Hi,
I have this simple df
data.frame <- data.frame(
stringsAsFactors = FALSE,
check.names = FALSE,
`Registration Date` = c("2016-04-29",
"2023-05-26","2021-06-09","2021-06-25","2022-06-15",
"2020-06-19","2016-02-23","2011-03-31","2022-06-10",
"2006-09-01","2018-06-29","2020-03-16","2022-05-30"),
`Delivery Date` = c("2016-04-29",
"2023-05-31","2021-06-01","2021-06-30","2022-06-16",
"2020-06-19",NA,NA,"2022-06-11",NA,"2010-09-30",
"2020-03-16","2022-06-30"),
`Call Notes` = c("it does it",
"Sent email yesterday, doesn't work.",
NA,"Customer got new car on order with Beechwood.",
"Booked. 10.05.2023 HP",NA,
"This call was automatically generated as a result of the overnight booking data feed.",NA,"Booked. 10.05.2023 HP",
"Booked. 31.05.2023 HP","CAN APPROACH CUSTOMER ON DAY OF BOOKING.",
"This call was automatically generated as a result of the overnight booking data feed.",
"This call was automatically generated as a result of the overnight booking data feed.")
)
data.frame
where I categorise comments using this code:
library(dplyr)
library(stringr)
data.frame <- rename(data.frame, CallNotes = 'Call Notes')
str(data.frame)
result <- data.frame %>%
mutate(Cat.Blank = if_else(is.na(CallNotes),1,0),
Cat.OvernightBooking = if_else(str_detect(CallNotes, regex("overnight\\sbooking", ignore_case = TRUE, multiline = TRUE)), 1,0),
Cat.Booked = if_else(str_detect(CallNotes, regex("booked|boooked", ignore_case = TRUE, multiline = TRUE)), 1,0),
Cat.DoesNot.DidNot = if_else(str_detect(CallNotes, regex("does", ignore_case = TRUE, multiline = TRUE)), 1,0)) %>%
mutate(All = max(c_across(starts_with("Cat.")), na.rm = T)) %>%
mutate(Cat.Other = case_when(
All ==0 ~ 1,
All > 0 ~ 0))
str(result)
library(dplyr)
result <- select(result, -All)
result <- result %>%
mutate_at(vars(-c(1:3)), ~if_else(is.na(.), 0, .))
str(result)
but I have following issues:
- "Does" and "Doesn't" are categorised the same way as I cannot find a way of including expressions with an apostrophe (')

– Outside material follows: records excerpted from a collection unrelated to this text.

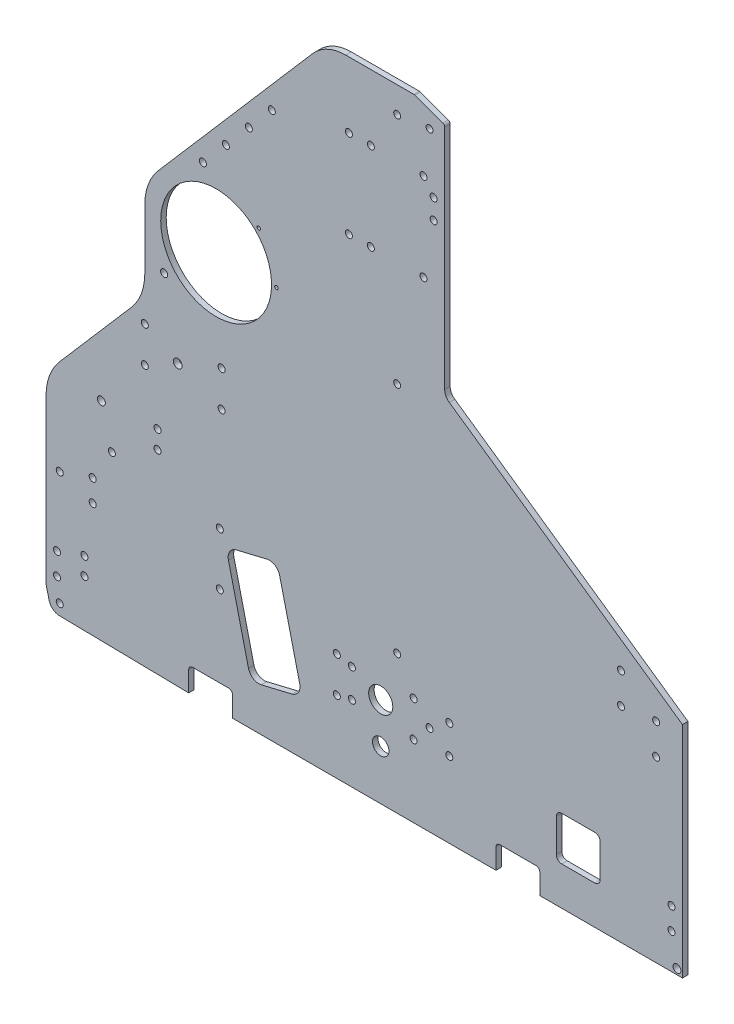
from build123d import *

# Parameters (mm, degrees)
SKETCH1_R           = 2.032
SKETCH1_R_2         = 2.54
SKETCH1_R_3         = 2
BOSS_EXTRUDE1_DEPTH = 3.175
FILLET1_R           = 2.286
FILLET2_R           = 6.35
SKETCH2_R           = 2.032
CUT_EXTRUDE1_DEPTH  = 505.524983177
FILLET3_R           = 1.5875
SKETCH3_R           = 2.032
SKETCH3_R_2         = 2.286
SKETCH3_R_3         = 1.016
CUT_EXTRUDE2_DEPTH  = 505.524983177
SKETCH4_R           = 2.032
SKETCH4_R_2         = 6.985
SKETCH4_R_3         = 4.7625
CUT_EXTRUDE3_DEPTH  = 505.524983177
SKETCH5_R           = 32.0675
SKETCH5_R_2         = 2.286000001
CUT_EXTRUDE5_DEPTH  = 540.282512257
FILLET4_R           = 31.75
CUT_EXTRUDE6_DEPTH  = 505.524983177
FILLET5_R           = 25.4
SKETCH8_R           = 2.032
CUT_EXTRUDE7_DEPTH  = 505.524983177


with BuildPart() as part:
    # Sketch1 → Boss-Extrude1 (new body)
    with BuildSketch(Plane.XY):
        with BuildLine():
            Line((7.829508682, -19.049081656), (82.55, -20.32))
            Line((82.55, -20.32), (82.55, -6.35))
            Line((82.55, -6.35), (107.95, -6.35))
            Line((107.95, -6.35), (107.95, -20.32))
            Line((107.95, -20.32), (260.35, -20.32))
            Line((260.35, -20.32), (260.35, -6.35))
            Line((260.35, -6.35), (285.75, -6.35))
            Line((285.75, -6.35), (285.75, -20.32))
            Line((285.75, -20.32), (368.3, -20.32))
            Line((368.3, -20.32), (368.3, 106.68))
            Line((368.3, 106.68), (230.66375, 202.565))
            Line((230.66375, 202.565), (230.66375, 338.455))
            Line((230.66375, 338.455), (213.19998, 344.805))
            Line((213.19998, 344.805), (203.2, 344.805))
            Line((203.2, 344.805), (161.925, 344.805))
            Line((161.925, 344.805), (52.720122664, 218.469945827))
            ThreePointArc((52.720122664, 218.469945827), (52.803835479, 218.142145922), (52.832, 217.805))
            ThreePointArc((52.832, 217.805), (52.095493096, 216.239521914), (50.419872403, 215.808871996))
            Line((50.419872403, 215.808871996), (0, 157.48))
            Line((0, 157.48), (0, 0))
            Line((0, 0), (0, -6.35))
            ThreePointArc((0, -6.35), (0.047577015, -7.125863724), (0.189595124, -7.890101219))
            Line((0.189595124, -7.890101219), (1.777095124, -14.240101219))
            ThreePointArc((1.777095124, -14.240101219), (3.987212552, -17.671692778), (7.829508682, -19.049081656))
        make_face()
        with Locations((7.9375, -12.7)):
            Circle(SKETCH1_R, mode=Mode.SUBTRACT)
        with Locations((6.35, 0)):
            Circle(SKETCH1_R, mode=Mode.SUBTRACT)
        with Locations((6.35, 12.7)):
            Circle(SKETCH1_R, mode=Mode.SUBTRACT)
        with Locations((38.1, 78.105)):
            Circle(SKETCH1_R, mode=Mode.SUBTRACT)
        with Locations((57.15, 131.28625)):
            Circle(SKETCH1_R, mode=Mode.SUBTRACT)
        with Locations((57.15, 151.92375)):
            Circle(SKETCH1_R, mode=Mode.SUBTRACT)
        with Locations((76.2, 141.605)):
            Circle(SKETCH1_R_2, mode=Mode.SUBTRACT)
        with Locations((101.6, 131.28625)):
            Circle(SKETCH1_R, mode=Mode.SUBTRACT)
        with Locations((101.6, 151.92375)):
            Circle(SKETCH1_R, mode=Mode.SUBTRACT)
        with Locations((203.2, 59.805)):
            Circle(SKETCH1_R_3, mode=Mode.SUBTRACT)
        with Locations((361.95, 0)):
            Circle(SKETCH1_R, mode=Mode.SUBTRACT)
        with Locations((361.95, 12.7)):
            Circle(SKETCH1_R, mode=Mode.SUBTRACT)
        with Locations((353.06, 82.955052336)):
            Circle(SKETCH1_R, mode=Mode.SUBTRACT)
        with Locations((332.74, 98.195052336)):
            Circle(SKETCH1_R, mode=Mode.SUBTRACT)
        with Locations((332.74, 115.975052336)):
            Circle(SKETCH1_R, mode=Mode.SUBTRACT)
        with Locations((353.06, 100.735052336)):
            Circle(SKETCH1_R, mode=Mode.SUBTRACT)
        with Locations((68.326, 182.923674932)):
            Circle(SKETCH1_R, mode=Mode.SUBTRACT)
        with Locations((76.2, 217.805)):
            Circle(SKETCH1_R, mode=Mode.SUBTRACT)
        with Locations((90.779500502, 249.682)):
            Circle(SKETCH1_R, mode=Mode.SUBTRACT)
        with Locations((104.067838673, 265.054783374)):
            Circle(SKETCH1_R, mode=Mode.SUBTRACT)
        with Locations((117.356176844, 280.427566748)):
            Circle(SKETCH1_R, mode=Mode.SUBTRACT)
        with Locations((130.644515014, 295.800350122)):
            Circle(SKETCH1_R, mode=Mode.SUBTRACT)
        with Locations((203.2, 194.805)):
            Circle(SKETCH1_R_3, mode=Mode.SUBTRACT)
        with Locations((224.31375, 287.401)):
            Circle(SKETCH1_R, mode=Mode.SUBTRACT)
        with Locations((224.31375, 298.831)):
            Circle(SKETCH1_R, mode=Mode.SUBTRACT)
        with Locations((203.2, 329.805)):
            Circle(SKETCH1_R_3, mode=Mode.SUBTRACT)
        with Locations((221.931865, 332.105)):
            Circle(SKETCH1_R_3, mode=Mode.SUBTRACT)
    extrude(amount=BOSS_EXTRUDE1_DEPTH)

    # Fillet1
    fillet1_edges = [part.edges().sort_by_distance(p)[0] for p in [
        (285.75, -6.35, 1.5875),
        (107.95, -6.35, 1.5875),
        (260.35, -6.35, 1.5875),
        (82.55, -6.35, 1.5875),
    ]]
    fillet(fillet1_edges, radius=FILLET1_R)

    # Fillet2
    fillet2_edges = [part.edges().sort_by_distance(p)[0] for p in [
        (230.66375, 202.565, 1.5875),
    ]]
    fillet(fillet2_edges, radius=FILLET2_R)

    # Sketch2 → Cut-Extrude1 (cut, through all)
    with BuildSketch(Plane(origin=(0, 0, 0), x_dir=(-1, 0, 0), z_dir=(0, 0, -1))):
        with Locations((-100.552770272, 71.086035298)):
            Circle(SKETCH2_R)
        with Locations((-100.552770272, 40.606035298)):
            Circle(SKETCH2_R)
        with Locations((-22.225, 18.202541089)):
            Circle(SKETCH2_R)
        with Locations((-22.225, 8.042541089)):
            Circle(SKETCH2_R)
    extrude(amount=-CUT_EXTRUDE1_DEPTH, mode=Mode.SUBTRACT)

    # Fillet3
    fillet3_edges = [part.edges().sort_by_distance(p)[0] for p in [
        (230.66375, 338.455, 1.5875),
        (213.19998, 344.805, 1.5875),
    ]]
    fillet(fillet3_edges, radius=FILLET3_R)

    # Sketch3 → Cut-Extrude2 (cut, through all)
    with BuildSketch(Plane.XY.offset(3.175)):
        with BuildLine():
            Line((127.789350211, 69.359774106), (110.090750339, 65.117184968))
            ThreePointArc((110.090750339, 65.117184968), (106.287939856, 62.356288953), (105.55119507, 57.715047577))
            Line((105.55119507, 57.715047577), (117.160037875, 9.287010566))
            ThreePointArc((117.160037875, 9.287010566), (119.92093389, 5.484200083), (124.562175266, 4.747455297))
            Line((124.562175266, 4.747455297), (142.260775137, 8.990044434))
            ThreePointArc((142.260775137, 8.990044434), (146.063585621, 11.75094045), (146.800330407, 16.392181825))
            Line((146.800330407, 16.392181825), (135.191487602, 64.820218836))
            ThreePointArc((135.191487602, 64.820218836), (132.430591586, 68.62302932), (127.789350211, 69.359774106))
        make_face()
        with Locations((26.987500002, 46.953113935)):
            Circle(SKETCH3_R)
        with Locations((26.987500002, 59.653113935)):
            Circle(SKETCH3_R)
        with Locations((7.937500002, 53.303113935)):
            Circle(SKETCH3_R)
        with Locations((32.030600738, 100.810868776)):
            Circle(SKETCH3_R_2)
        with Locations((64.525942114, 102.94048958)):
            Circle(SKETCH3_R)
        with Locations((64.525942114, 92.525786339)):
            Circle(SKETCH3_R)
        with Locations((133.35, 208.228121768)):
            Circle(SKETCH3_R_3)
        with Locations((123.120704333, 232.923826101)):
            Circle(SKETCH3_R_3)
    extrude(amount=-CUT_EXTRUDE2_DEPTH, mode=Mode.SUBTRACT)

    # Sketch4 → Cut-Extrude3 (cut, through all)
    with BuildSketch(Plane.XY.offset(3.175)):
        with Locations((168.275, 42.06875)):
            Circle(SKETCH4_R)
        with Locations((212.725, 42.06875)):
            Circle(SKETCH4_R)
        with Locations((212.725, 21.43125)):
            Circle(SKETCH4_R)
        with Locations((168.275, 21.43125)):
            Circle(SKETCH4_R)
        with Locations((193.675, 31.75)):
            Circle(SKETCH4_R_2)
        with Locations((177.00498, 40.0431)):
            Circle(SKETCH4_R)
        with Locations((177.00498, 23.4569)):
            Circle(SKETCH4_R)
        with Locations((193.675, 8.466666658)):
            Circle(SKETCH4_R_3)
        with Locations((221.931865, 31.75)):
            Circle(SKETCH4_R)
        with Locations((233.36123, 23.4569)):
            Circle(SKETCH4_R)
        with Locations((233.36123, 40.0431)):
            Circle(SKETCH4_R)
    extrude(amount=-CUT_EXTRUDE3_DEPTH, mode=Mode.SUBTRACT)

    # Sketch5 → Cut-Extrude5 (cut, through all)
    with BuildSketch(Plane(origin=(0, 0, -187.325000003), x_dir=(-1, 0, 0), z_dir=(0, 0, -1))):
        Polygon((0, 157.48), (-57.15, 223.594705882), (-57.15, 165.333696112), (0, 99.218990229), align=None)
        with Locations((-98.425, 208.228121768)):
            Circle(SKETCH5_R)
        with Locations((-365.124993903, -17.144956474)):
            Circle(SKETCH5_R_2)
    extrude(amount=-CUT_EXTRUDE5_DEPTH, mode=Mode.SUBTRACT)

    # Fillet4
    fillet4_edges = [part.edges().sort_by_distance(p)[0] for p in [
        (0, 99.218990229, 1.5875),
        (57.15, 165.333696112, 1.5875),
        (57.15, 223.594705882, 1.5875),
    ]]
    fillet(fillet4_edges, radius=FILLET4_R)

    # Sketch6 → Cut-Extrude6 (cut, through all)
    with BuildSketch(Plane.XY.offset(3.175)):
        with BuildLine():
            Line((298.45, 27.305), (317.5, 27.305))
            ThreePointArc((317.5, 27.305), (319.74506403, 26.37506403), (320.675, 24.13))
            Line((320.675, 24.13), (320.675, 5.08))
            ThreePointArc((320.675, 5.08), (319.74506403, 2.83493597), (317.5, 1.905))
            Line((317.5, 1.905), (298.45, 1.905))
            ThreePointArc((298.45, 1.905), (296.20493597, 2.83493597), (295.275, 5.08))
            Line((295.275, 5.08), (295.275, 24.13))
            ThreePointArc((295.275, 24.13), (296.20493597, 26.37506403), (298.45, 27.305))
        make_face()
    extrude(amount=-CUT_EXTRUDE6_DEPTH, mode=Mode.SUBTRACT)

    # Fillet5
    fillet5_edges = [part.edges().sort_by_distance(p)[0] for p in [
        (161.925, 344.805, 1.5875),
    ]]
    fillet(fillet5_edges, radius=FILLET5_R)

    # Sketch8 → Cut-Extrude7 (cut, through all)
    with BuildSketch(Plane(origin=(0, 0, 0), x_dir=(-1, 0, 0), z_dir=(0, 0, -1))):
        with Locations((-187.96, 306.705)):
            Circle(SKETCH8_R)
        with Locations((-175.26, 306.705)):
            Circle(SKETCH8_R)
        with Locations((-218.44, 306.705)):
            Circle(SKETCH8_R)
        with Locations((-218.44, 255.905)):
            Circle(SKETCH8_R)
        with Locations((-187.96, 255.905)):
            Circle(SKETCH8_R)
        with Locations((-175.26, 255.905)):
            Circle(SKETCH8_R)
    extrude(amount=-CUT_EXTRUDE7_DEPTH, mode=Mode.SUBTRACT)


solid = part.part

- My awkward way of creating category called "Other" is not working and is overcomplicated. Basically, every record not blank and not categorised should be coded as "Cat.Other". I would like to use c_across for variables including "Cat."
- In the end, all "Cat." variables should be 0 or 1 and my final code includes vars(-c(1:3)) which should be replaced by c_across for variables including "Cat."
- Finally, I believe everything should work as one coding process instead of my weird three stages.
Can anyone help me to do it proplerly?